── RAW DATA

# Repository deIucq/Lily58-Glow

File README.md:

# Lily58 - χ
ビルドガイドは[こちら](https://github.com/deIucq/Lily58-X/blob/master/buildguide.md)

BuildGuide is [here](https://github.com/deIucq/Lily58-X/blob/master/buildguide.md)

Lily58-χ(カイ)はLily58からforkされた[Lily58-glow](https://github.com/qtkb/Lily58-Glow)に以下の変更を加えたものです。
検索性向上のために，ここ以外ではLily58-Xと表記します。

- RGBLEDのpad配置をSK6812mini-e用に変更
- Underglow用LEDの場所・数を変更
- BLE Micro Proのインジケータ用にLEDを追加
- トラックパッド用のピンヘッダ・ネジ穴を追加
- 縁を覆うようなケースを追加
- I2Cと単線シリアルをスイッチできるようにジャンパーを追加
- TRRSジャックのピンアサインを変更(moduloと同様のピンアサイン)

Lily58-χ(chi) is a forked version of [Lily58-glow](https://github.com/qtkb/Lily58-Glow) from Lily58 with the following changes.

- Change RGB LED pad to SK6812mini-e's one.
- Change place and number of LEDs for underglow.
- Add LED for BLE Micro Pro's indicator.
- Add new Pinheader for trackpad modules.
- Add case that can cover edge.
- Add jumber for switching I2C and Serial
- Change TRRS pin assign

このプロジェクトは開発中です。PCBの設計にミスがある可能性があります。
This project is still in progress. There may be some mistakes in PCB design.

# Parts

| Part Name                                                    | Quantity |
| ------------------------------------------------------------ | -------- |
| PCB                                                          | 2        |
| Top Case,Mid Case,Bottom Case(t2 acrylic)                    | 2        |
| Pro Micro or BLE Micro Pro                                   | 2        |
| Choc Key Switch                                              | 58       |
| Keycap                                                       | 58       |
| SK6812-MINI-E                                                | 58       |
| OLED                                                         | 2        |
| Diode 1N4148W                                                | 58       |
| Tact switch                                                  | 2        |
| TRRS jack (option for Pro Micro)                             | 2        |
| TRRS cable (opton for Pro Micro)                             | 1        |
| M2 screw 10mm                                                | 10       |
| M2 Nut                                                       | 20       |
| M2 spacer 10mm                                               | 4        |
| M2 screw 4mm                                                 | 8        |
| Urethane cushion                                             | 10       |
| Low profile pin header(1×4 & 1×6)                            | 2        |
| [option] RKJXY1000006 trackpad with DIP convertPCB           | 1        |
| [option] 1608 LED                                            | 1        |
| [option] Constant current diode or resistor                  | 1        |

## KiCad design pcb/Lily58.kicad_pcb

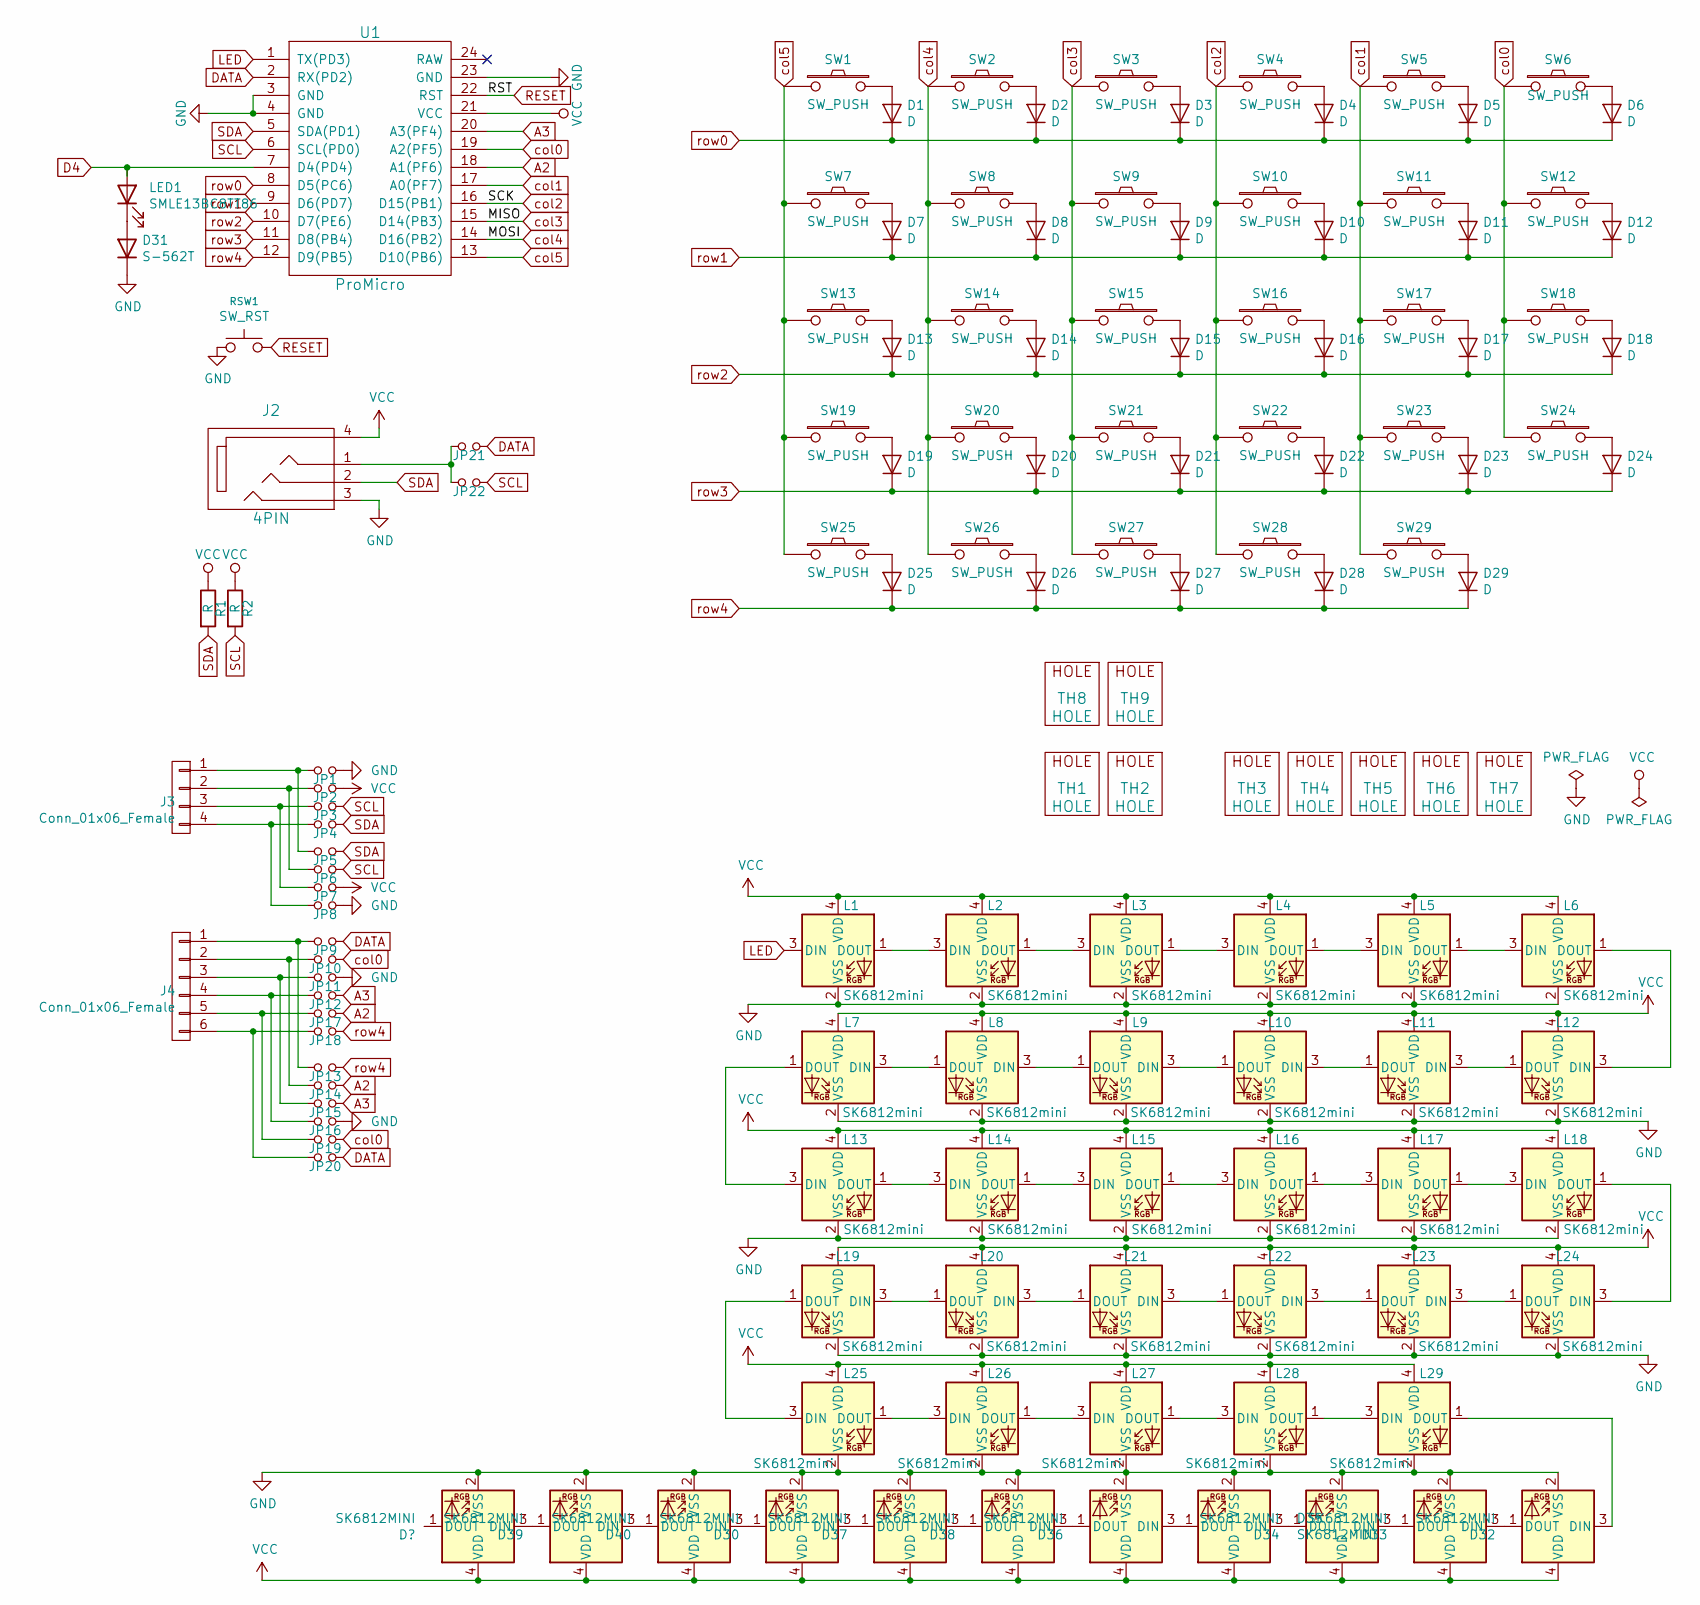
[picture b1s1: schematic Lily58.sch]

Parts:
D1, D2, D3, D4, D5, D6, D7, D8, D9, D10, D11, D12, D13, D14, D15, D16, D17, D18, D19, D20, D21, D22, D23, D24, D25, D26, D27, D28, D29: D; Diode_SOD123
D30, D32, D33, D34, D35, D36, D37, D38, D39, D40: SK6812MINI; SK6812MINI_underglow_rev
D31: S-562T; D_1206_3216Metric_Pad1.42x1.75mm_HandSolder
J2: 4PIN; MJ-4PP-9
J3: Conn_01x06_Female; OLED_4Pin
J4: Conn_01x06_Female; OLED_6Pin
JP1, JP2, JP3, JP4, JP5, JP6, JP7, JP8, JP9, JP10, JP11, JP12, JP13, JP14, JP15, JP16, JP17, JP18, JP19, JP20: Jumper_NO_Small; Jumper
JP21: 1S; Jumper
JP22: I2C; Jumper
L1, L2, L3, L4, L5, L6, L7, L8, L9, L10, L11, L12, L13, L14, L15, L16, L17, L18, L19, L20, L21, L22, L23, L24, L25, L26, L27, L28, L29: SK6812mini; SK6812MINI_rev
LED1: SMLE13BC8TT86; LED_0603_1608Metric_Pad1.05x0.95mm_HandSolder
R1, R2: R; RESISTOR_mini
RSW1: SW_RST; TACT_SWITCH_TVBP06
SW1, SW2, SW3, SW4, SW5, SW6, SW7, SW8, SW9, SW10, SW11, SW12, SW13, SW14, SW15, SW16, SW17, SW18, SW19, SW20, SW21, SW22, SW23, SW24, SW25, SW27, SW28, SW29: SW_PUSH; MX_PG1350_FLIP_HOLES_18mm
SW26: SW_PUSH; MX_PG1350_FLIP_HOLES_27mm
TH1, TH2, TH8, TH9: HOLE; HOLE_M2
TH3, TH4, TH5, TH6, TH7: HOLE; HOLE_M2_TH
U1: ProMicro; ProMicro_rev2

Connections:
A2: JP14.2, JP17.2, U1.18 (A1(PF6))
A3: JP12.2, JP15.2, U1.20 (A3(PF4))
D4: LED1.2 (A), U1.7 (D4(PD4))
DATA: JP9.2, JP20.2, JP21.2, U1.2 (RX(PD2))
GND: D30.2 (VSS), D31.1 (K), D32.2 (VSS), D33.2 (VSS), D34.2 (VSS), D35.2 (VSS), D36.2 (VSS), D37.2 (VSS), D38.2 (VSS), D39.2 (VSS), D40.2 (VSS), J2.3, JP1.2, JP8.2, JP11.2, JP16.2, L1.2 (VSS), L2.2 (VSS), L3.2 (VSS), L4.2 (VSS), L5.2 (VSS), L6.2 (VSS), L7.2 (VSS), L8.2 (VSS), L9.2 (VSS), L10.2 (VSS), L11.2 (VSS), L12.2 (VSS), L13.2 (VSS), L14.2 (VSS), L15.2 (VSS), L16.2 (VSS), L17.2 (VSS), L18.2 (VSS), L19.2 (VSS), L20.2 (VSS), L21.2 (VSS), L22.2 (VSS), L23.2 (VSS), L24.2 (VSS), L25.2 (VSS), L26.2 (VSS), L27.2 (VSS), L28.2 (VSS), L29.2 (VSS), RSW1.1, U1.3 (GND), U1.4 (GND), U1.23 (GND); also elsewhere on the board
LED: L1.3 (DIN), U1.1 (TX(PD3))
unnamed: D1.2 (A), SW1.2
unnamed: D2.2 (A), SW2.2
unnamed: D3.2 (A), SW3.2
unnamed: D4.2 (A), SW4.2
unnamed: D5.2 (A), SW5.2
unnamed: D6.2 (A), SW6.2
unnamed: D7.2 (A), SW7.2
unnamed: D8.2 (A), SW8.2
unnamed: D9.2 (A), SW9.2
unnamed: D10.2 (A), SW10.2
unnamed: D11.2 (A), SW11.2
unnamed: D12.2 (A), SW12.2
unnamed: D13.2 (A), SW13.2
unnamed: D14.2 (A), SW14.2
unnamed: D15.2 (A), SW15.2
unnamed: D16.2 (A), SW16.2
unnamed: D17.2 (A), SW17.2
unnamed: D18.2 (A), SW18.2
unnamed: D19.2 (A), SW19.2
unnamed: D20.2 (A), SW20.2
unnamed: D21.2 (A), SW21.2
unnamed: D22.2 (A), SW22.2
unnamed: D23.2 (A), SW23.2
unnamed: D24.2 (A), SW24.2
unnamed: D25.2 (A), SW25.2
unnamed: D26.2 (A), SW26.2
unnamed: D27.2 (A), SW27.2
unnamed: D28.2 (A), SW28.2
unnamed: D29.2 (A), SW29.2
unnamed: D30.1 (DOUT), D40.3 (DIN)
unnamed: D30.3 (DIN), D37.1 (DOUT)
unnamed: D31.2 (A), LED1.1 (K)
unnamed: D32.1 (DOUT), D33.3 (DIN)
unnamed: D32.3 (DIN), L29.1 (DOUT)
unnamed: D33.1 (DOUT), D34.3 (DIN)
unnamed: D34.1 (DOUT), D35.3 (DIN)
unnamed: D35.1 (DOUT), D36.3 (DIN)
unnamed: D36.1 (DOUT), D38.3 (DIN)
unnamed: D37.3 (DIN), D38.1 (DOUT)
unnamed 45: D39.1 (DOUT); also elsewhere on the board
unnamed: D39.3 (DIN), D40.1 (DOUT)
unnamed: J2.1, JP21.1, JP22.1
unnamed: J3.1, JP1.1, JP5.1
unnamed: J3.2, JP2.1, JP6.1
unnamed: J3.3, JP3.1, JP7.1
unnamed: J3.4, JP4.1, JP8.1
unnamed: J4.1, JP9.1, JP13.1
unnamed: J4.2, JP10.1, JP14.1
unnamed: J4.3, JP11.1, JP15.1
unnamed: J4.4, JP12.1, JP16.1
unnamed: J4.5, JP17.1, JP19.1
unnamed: J4.6, JP18.1, JP20.1
unnamed: L1.1 (DOUT), L2.3 (DIN)
unnamed: L2.1 (DOUT), L3.3 (DIN)
unnamed: L3.1 (DOUT), L4.3 (DIN)
unnamed: L4.1 (DOUT), L5.3 (DIN)
unnamed: L5.1 (DOUT), L6.3 (DIN)
unnamed: L7.3 (DIN), L8.1 (DOUT)
unnamed: L8.3 (DIN), L9.1 (DOUT)
unnamed: L9.3 (DIN), L10.1 (DOUT)
unnamed: L10.3 (DIN), L11.1 (DOUT)
unnamed: L11.3 (DIN), L12.1 (DOUT)
unnamed: L6.1 (DOUT), L12.3 (DIN)
unnamed: L13.1 (DOUT), L14.3 (DIN)
unnamed: L7.1 (DOUT), L13.3 (DIN)
unnamed: L14.1 (DOUT), L15.3 (DIN)
unnamed: L15.1 (DOUT), L16.3 (DIN)
unnamed: L16.1 (DOUT), L17.3 (DIN)
unnamed: L17.1 (DOUT), L18.3 (DIN)
unnamed: L18.1 (DOUT), L24.3 (DIN)
unnamed: L19.1 (DOUT), L25.3 (DIN)
unnamed: L19.3 (DIN), L20.1 (DOUT)
unnamed: L20.3 (DIN), L21.1 (DOUT)
unnamed: L21.3 (DIN), L22.1 (DOUT)
unnamed: L22.3 (DIN), L23.1 (DOUT)
unnamed: L23.3 (DIN), L24.1 (DOUT)
unnamed: L25.1 (DOUT), L26.3 (DIN)
unnamed: L26.1 (DOUT), L27.3 (DIN)
unnamed: L27.1 (DOUT), L28.3 (DIN)
unnamed: L28.1 (DOUT), L29.3 (DIN)
RESET: RSW1.2, U1.22 (RST)
SCL: JP3.2, JP6.2, JP22.2, R2.2, U1.6 (SCL(PD0))
SDA: J2.2, JP4.2, JP5.2, R1.2, U1.5 (SDA(PD1))
VCC: D30.4 (VDD), D32.4 (VDD), D33.4 (VDD), D34.4 (VDD), D35.4 (VDD), D36.4 (VDD), D37.4 (VDD), D38.4 (VDD), D39.4 (VDD), D40.4 (VDD), J2.4, JP2.2, JP7.2, L1.4 (VDD), L2.4 (VDD), L3.4 (VDD), L4.4 (VDD), L5.4 (VDD), L6.4 (VDD), L7.4 (VDD), L8.4 (VDD), L9.4 (VDD), L10.4 (VDD), L11.4 (VDD), L12.4 (VDD), L13.4 (VDD), L14.4 (VDD), L15.4 (VDD), L16.4 (VDD), L17.4 (VDD), L18.4 (VDD), L19.4 (VDD), L20.4 (VDD), L21.4 (VDD), L22.4 (VDD), L23.4 (VDD), L24.4 (VDD), L25.4 (VDD), L26.4 (VDD), L27.4 (VDD), L28.4 (VDD), L29.4 (VDD), R1.1, R2.1, U1.21 (VCC); also elsewhere on the board
col0: JP10.2, JP19.2, SW6.1, SW12.1, SW18.1, SW24.1, U1.19 (A2(PF5))
col1: SW5.1, SW11.1, SW17.1, SW23.1, SW29.1, U1.17 (A0(PF7))
col2: SW4.1, SW10.1, SW16.1, SW22.1, SW28.1, U1.16 (D15(PB1))
col3: SW3.1, SW9.1, SW15.1, SW21.1, SW27.1, U1.15 (D14(PB3))
col4: SW2.1, SW8.1, SW14.1, SW20.1, SW26.1, U1.14 (D16(PB2))
col5: SW1.1, SW7.1, SW13.1, SW19.1, SW25.1, U1.13 (D10(PB6))
row0: D1.1 (K), D2.1 (K), D3.1 (K), D4.1 (K), D5.1 (K), D6.1 (K), U1.8 (D5(PC6))
row1: D7.1 (K), D8.1 (K), D9.1 (K), D10.1 (K), D11.1 (K), D12.1 (K), U1.9 (D6(PD7))
row2: D13.1 (K), D14.1 (K), D15.1 (K), D16.1 (K), D17.1 (K), D18.1 (K), U1.10 (D7(PE6))
row3: D19.1 (K), D20.1 (K), D21.1 (K), D22.1 (K), D23.1 (K), D24.1 (K), U1.11 (D8(PB4))
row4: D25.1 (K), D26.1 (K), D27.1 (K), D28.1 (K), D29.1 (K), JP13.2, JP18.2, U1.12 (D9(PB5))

────

Would you output, from the records above, exactly the run of lines that starts at the line containing "JP20: Jumper_NO_Small; Jumper" and ends at the line containing "L29: SK6812mini; SK6812MINI_rev", and only that run?

JP1, JP2, JP3, JP4, JP5, JP6, JP7, JP8, JP9, JP10, JP11, JP12, JP13, JP14, JP15, JP16, JP17, JP18, JP19, JP20: Jumper_NO_Small; Jumper
JP21: 1S; Jumper
JP22: I2C; Jumper
L1, L2, L3, L4, L5, L6, L7, L8, L9, L10, L11, L12, L13, L14, L15, L16, L17, L18, L19, L20, L21, L22, L23, L24, L25, L26, L27, L28, L29: SK6812mini; SK6812MINI_rev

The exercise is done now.